SDS-PAGE analysis of collagen isolated from whale ear bone. The proteins isolated from the whale ear bone under study have been separated using the SDS-PAGE and visualized by Coomassie G-250 staining. Loading: #1—protein marker; #2—whale ear bone proteins isolated from the demineralized specimens (see Fig. 4b, d); #3—control collagen type I standard (Sigma-Aldrich Cat. No. C9791); #4—pepsin-containing digestion buffer

Thus, our analytical results suggest the existence of collagen- lipid complex as an organic framework on which calcification within tympanic bulla of this gray whale takes place. At the same time, we assume that, in contrast to the neutrally charged collagen molecule, acidic phospholipids may be active players in the biomineralization process within tympanic bulla of whales. As reported previously [76], acidic phospholipids when integrated into membranes are responsible for formation of specific environments in which calcification can develop due to a sequence of initial calcium ion binding. Increasing ion concentration and further formation of (CaHPO4)2 dimers drives their condensation into a Ca9(PO4)6 unit bound to the phospholipid-based constructs. Greater calcium phosphate clusters can be formed on such bound loci that act as nuclei for their growth and stabilization. The in vivo development of carbonated HAP can be similar to mechanisms of cardiovascular mineralization where, for example, phosphatidylserine of membranous origin is believed to complex with calcium and phosphate ions, creating a nidus for HAP crystal formation [77]. Thus, the next task is to identify individual compounds within isolated collagen–lipid complex and determine if they are negatively charged biomolecules of lipid origin. Of course, the question of the possible intermolecular interaction between collagen and lipids remains extremely intriguing and needs to be resolved as well.

4 Conclusion

In conclusion, we have demonstrated for the first time that gray whale tympanic bulla represents an example of hypermineralized bones that contains collagen-lipid complex as organic matrix. Our results underline the uniqueness of this very special case of extreme biomineralization that occurs at very low temperatures (36.6 °C) and in the presence of hydrophobic organic phase. At the moment, the principle of operation of the molecular pump remains unclear, specifically in how super-saturation with calcium ions is achieved in a limited space of the forming tympanic bullae. What is clear is that evolutionary development of such hypermineralized hard tissue constructs was crucial for survival of cetaceans starting on their embryonal level. It will be necessary in the future to propose corresponding calculation program for better understanding of biomineralization kinetic parameters during the development of whales from embryo to adult.

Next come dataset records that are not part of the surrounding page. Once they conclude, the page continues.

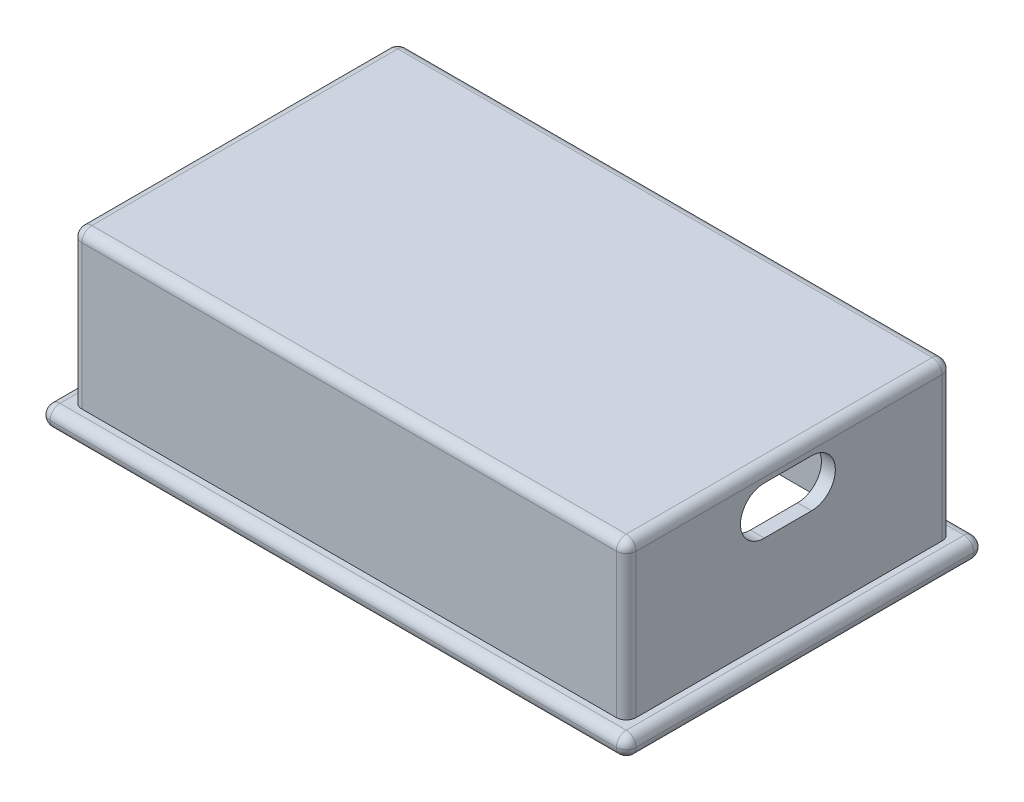
ISO-10303-21;
HEADER;
FILE_DESCRIPTION(('STEP AP214'),'2;1');
FILE_NAME('part.step','',(''),(''),'','','');
FILE_SCHEMA(('AUTOMOTIVE_DESIGN { 1 0 10303 214 1 1 1 1 }'));
ENDSEC;
DATA;
#1=APPLICATION_CONTEXT('core data for automotive mechanical design processes');
#2=APPLICATION_PROTOCOL_DEFINITION('international standard','automotive_design',2000,#1);
#3=PRODUCT_CONTEXT('',#1,'mechanical');
#4=PRODUCT('Part','Part','',(#3));
#5=PRODUCT_RELATED_PRODUCT_CATEGORY('part','',(#4));
#6=PRODUCT_DEFINITION_FORMATION('','',#4);
#7=PRODUCT_DEFINITION_CONTEXT('part definition',#1,'design');
#8=PRODUCT_DEFINITION('design','',#6,#7);
#9=PRODUCT_DEFINITION_SHAPE('','',#8);
#10=(LENGTH_UNIT() NAMED_UNIT(*) SI_UNIT(.MILLI.,.METRE.));
#11=(NAMED_UNIT(*) PLANE_ANGLE_UNIT() SI_UNIT($,.RADIAN.));
#12=(NAMED_UNIT(*) SI_UNIT($,.STERADIAN.) SOLID_ANGLE_UNIT());
#13=UNCERTAINTY_MEASURE_WITH_UNIT(LENGTH_MEASURE(1.E-05),#10,'distance_accuracy_value','');
#14=(GEOMETRIC_REPRESENTATION_CONTEXT(3) GLOBAL_UNCERTAINTY_ASSIGNED_CONTEXT((#13)) GLOBAL_UNIT_ASSIGNED_CONTEXT((#10,
#11,#12)) REPRESENTATION_CONTEXT('',''));
#15=CARTESIAN_POINT('',(0.,0.,0.));
#16=DIRECTION('',(0.,0.,1.));
#17=DIRECTION('',(1.,0.,0.));
#18=AXIS2_PLACEMENT_3D('',#15,#16,#17);
#19=CARTESIAN_POINT('',(0.,0.,0.));
#20=DIRECTION('',(0.,1.,0.));
#21=DIRECTION('',(0.,0.,1.));
#22=AXIS2_PLACEMENT_3D('',#19,#20,#21);
#23=PLANE('',#22);
#24=DIRECTION('',(1.,0.,0.));
#25=VECTOR('',#24,1.);
#26=CARTESIAN_POINT('',(0.,0.,17.));
#27=LINE('',#26,#25);
#28=CARTESIAN_POINT('',(28.5,0.,17.));
#29=VERTEX_POINT('',#28);
#30=CARTESIAN_POINT('',(-28.5,0.,17.));
#31=VERTEX_POINT('',#30);
#32=EDGE_CURVE('E401',#29,#31,#27,.F.);
#33=ORIENTED_EDGE('',*,*,#32,.T.);
#34=DIRECTION('',(0.,0.,1.));
#35=VECTOR('',#34,1.);
#36=CARTESIAN_POINT('',(-28.5,0.,0.));
#37=LINE('',#36,#35);
#38=CARTESIAN_POINT('',(-28.5,0.,-17.));
#39=VERTEX_POINT('',#38);
#40=EDGE_CURVE('E394',#31,#39,#37,.F.);
#41=ORIENTED_EDGE('',*,*,#40,.T.);
#42=DIRECTION('',(-1.,0.,0.));
#43=VECTOR('',#42,1.);
#44=CARTESIAN_POINT('',(0.,0.,-17.));
#45=LINE('',#44,#43);
#46=CARTESIAN_POINT('',(28.5,0.,-17.));
#47=VERTEX_POINT('',#46);
#48=EDGE_CURVE('E397',#39,#47,#45,.F.);
#49=ORIENTED_EDGE('',*,*,#48,.T.);
#50=DIRECTION('',(0.,0.,-1.));
#51=VECTOR('',#50,1.);
#52=CARTESIAN_POINT('',(28.5,0.,0.));
#53=LINE('',#52,#51);
#54=EDGE_CURVE('E399',#47,#29,#53,.F.);
#55=ORIENTED_EDGE('',*,*,#54,.T.);
#56=EDGE_LOOP('',(#33,#41,#49,#55));
#57=FACE_BOUND('',#56,.T.);
#58=DIRECTION('',(1.,0.,0.));
#59=VECTOR('',#58,1.);
#60=CARTESIAN_POINT('',(26.5,0.,-15.));
#61=LINE('',#60,#59);
#62=CARTESIAN_POINT('',(-26.5,0.,-15.));
#63=VERTEX_POINT('',#62);
#64=CARTESIAN_POINT('',(26.5,0.,-15.));
#65=VERTEX_POINT('',#64);
#66=EDGE_CURVE('E420',#63,#65,#61,.T.);
#67=ORIENTED_EDGE('',*,*,#66,.F.);
#68=DIRECTION('',(0.,0.,-1.));
#69=VECTOR('',#68,1.);
#70=CARTESIAN_POINT('',(-26.5,0.,-15.));
#71=LINE('',#70,#69);
#72=CARTESIAN_POINT('',(-26.5,0.,15.));
#73=VERTEX_POINT('',#72);
#74=EDGE_CURVE('E423',#73,#63,#71,.T.);
#75=ORIENTED_EDGE('',*,*,#74,.F.);
#76=DIRECTION('',(-1.,0.,0.));
#77=VECTOR('',#76,1.);
#78=CARTESIAN_POINT('',(26.5,0.,15.));
#79=LINE('',#78,#77);
#80=CARTESIAN_POINT('',(26.5,0.,15.));
#81=VERTEX_POINT('',#80);
#82=EDGE_CURVE('E413',#81,#73,#79,.T.);
#83=ORIENTED_EDGE('',*,*,#82,.F.);
#84=DIRECTION('',(0.,0.,1.));
#85=VECTOR('',#84,1.);
#86=CARTESIAN_POINT('',(26.5,0.,-15.));
#87=LINE('',#86,#85);
#88=EDGE_CURVE('E417',#65,#81,#87,.T.);
#89=ORIENTED_EDGE('',*,*,#88,.F.);
#90=EDGE_LOOP('',(#67,#75,#83,#89));
#91=FACE_BOUND('',#90,.T.);
#92=ADVANCED_FACE('F39',(#57,#91),#23,.F.);
#93=CARTESIAN_POINT('',(-26.5,15.9,-15.));
#94=DIRECTION('',(-1.,0.,0.));
#95=DIRECTION('',(0.,0.,1.));
#96=AXIS2_PLACEMENT_3D('',#93,#94,#95);
#97=PLANE('',#96);
#98=ORIENTED_EDGE('',*,*,#74,.T.);
#99=DIRECTION('',(0.,-1.,0.));
#100=VECTOR('',#99,1.);
#101=CARTESIAN_POINT('',(-26.5,15.9,-15.));
#102=LINE('',#101,#100);
#103=CARTESIAN_POINT('',(-26.5,15.9,-15.));
#104=VERTEX_POINT('',#103);
#105=EDGE_CURVE('E404',#104,#63,#102,.T.);
#106=ORIENTED_EDGE('',*,*,#105,.F.);
#107=DIRECTION('',(0.,0.,-1.));
#108=VECTOR('',#107,1.);
#109=CARTESIAN_POINT('',(-26.5,15.9,-15.));
#110=LINE('',#109,#108);
#111=CARTESIAN_POINT('',(-26.5,15.9,15.));
#112=VERTEX_POINT('',#111);
#113=EDGE_CURVE('E416',#112,#104,#110,.T.);
#114=ORIENTED_EDGE('',*,*,#113,.F.);
#115=DIRECTION('',(0.,-1.,0.));
#116=VECTOR('',#115,1.);
#117=CARTESIAN_POINT('',(-26.5,15.9,15.));
#118=LINE('',#117,#116);
#119=EDGE_CURVE('E403',#112,#73,#118,.T.);
#120=ORIENTED_EDGE('',*,*,#119,.T.);
#121=EDGE_LOOP('',(#98,#106,#114,#120));
#122=FACE_BOUND('',#121,.T.);
#123=ADVANCED_FACE('F561',(#122),#97,.F.);
#124=CARTESIAN_POINT('',(26.5,15.9,15.));
#125=DIRECTION('',(0.,0.,1.));
#126=DIRECTION('',(1.,0.,0.));
#127=AXIS2_PLACEMENT_3D('',#124,#125,#126);
#128=PLANE('',#127);
#129=ORIENTED_EDGE('',*,*,#82,.T.);
#130=ORIENTED_EDGE('',*,*,#119,.F.);
#131=DIRECTION('',(-1.,0.,0.));
#132=VECTOR('',#131,1.);
#133=CARTESIAN_POINT('',(26.5,15.9,15.));
#134=LINE('',#133,#132);
#135=CARTESIAN_POINT('',(26.5,15.9,15.));
#136=VERTEX_POINT('',#135);
#137=EDGE_CURVE('E408',#136,#112,#134,.T.);
#138=ORIENTED_EDGE('',*,*,#137,.F.);
#139=DIRECTION('',(0.,-1.,0.));
#140=VECTOR('',#139,1.);
#141=CARTESIAN_POINT('',(26.5,15.9,15.));
#142=LINE('',#141,#140);
#143=EDGE_CURVE('E410',#136,#81,#142,.T.);
#144=ORIENTED_EDGE('',*,*,#143,.T.);
#145=EDGE_LOOP('',(#129,#130,#138,#144));
#146=FACE_BOUND('',#145,.T.);
#147=ADVANCED_FACE('F567',(#146),#128,.F.);
#148=CARTESIAN_POINT('',(26.5,15.9,-15.));
#149=DIRECTION('',(1.,0.,0.));
#150=DIRECTION('',(0.,0.,-1.));
#151=AXIS2_PLACEMENT_3D('',#148,#149,#150);
#152=PLANE('',#151);
#153=DIRECTION('',(0.,0.,1.));
#154=VECTOR('',#153,1.);
#155=CARTESIAN_POINT('',(26.5,15.9,-15.));
#156=LINE('',#155,#154);
#157=CARTESIAN_POINT('',(26.5,15.9,3.18556546004011));
#158=VERTEX_POINT('',#157);
#159=EDGE_CURVE('E432',#158,#136,#156,.T.);
#160=ORIENTED_EDGE('',*,*,#159,.F.);
#161=CARTESIAN_POINT('',(26.5,13.6,2.5));
#162=DIRECTION('',(1.,0.,0.));
#163=DIRECTION('',(0.,0.,-1.));
#164=AXIS2_PLACEMENT_3D('',#161,#162,#163);
#165=CIRCLE('',#164,2.4);
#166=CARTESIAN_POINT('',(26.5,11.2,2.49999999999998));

We also believe that unrevealing the molecular and biochemical mechanisms of hyperbiomineralization will allow developing strategies for the biomimetic creation of similar composites in the laboratory, or even on large scale using commonly and industrially available raw materials (i.e. collagens, fatty acids, calcium carbonates and phosphates). In conclusion, we actively urge the scientific community to support environmental and environmental initiatives to protect whales in all seas of the oceans.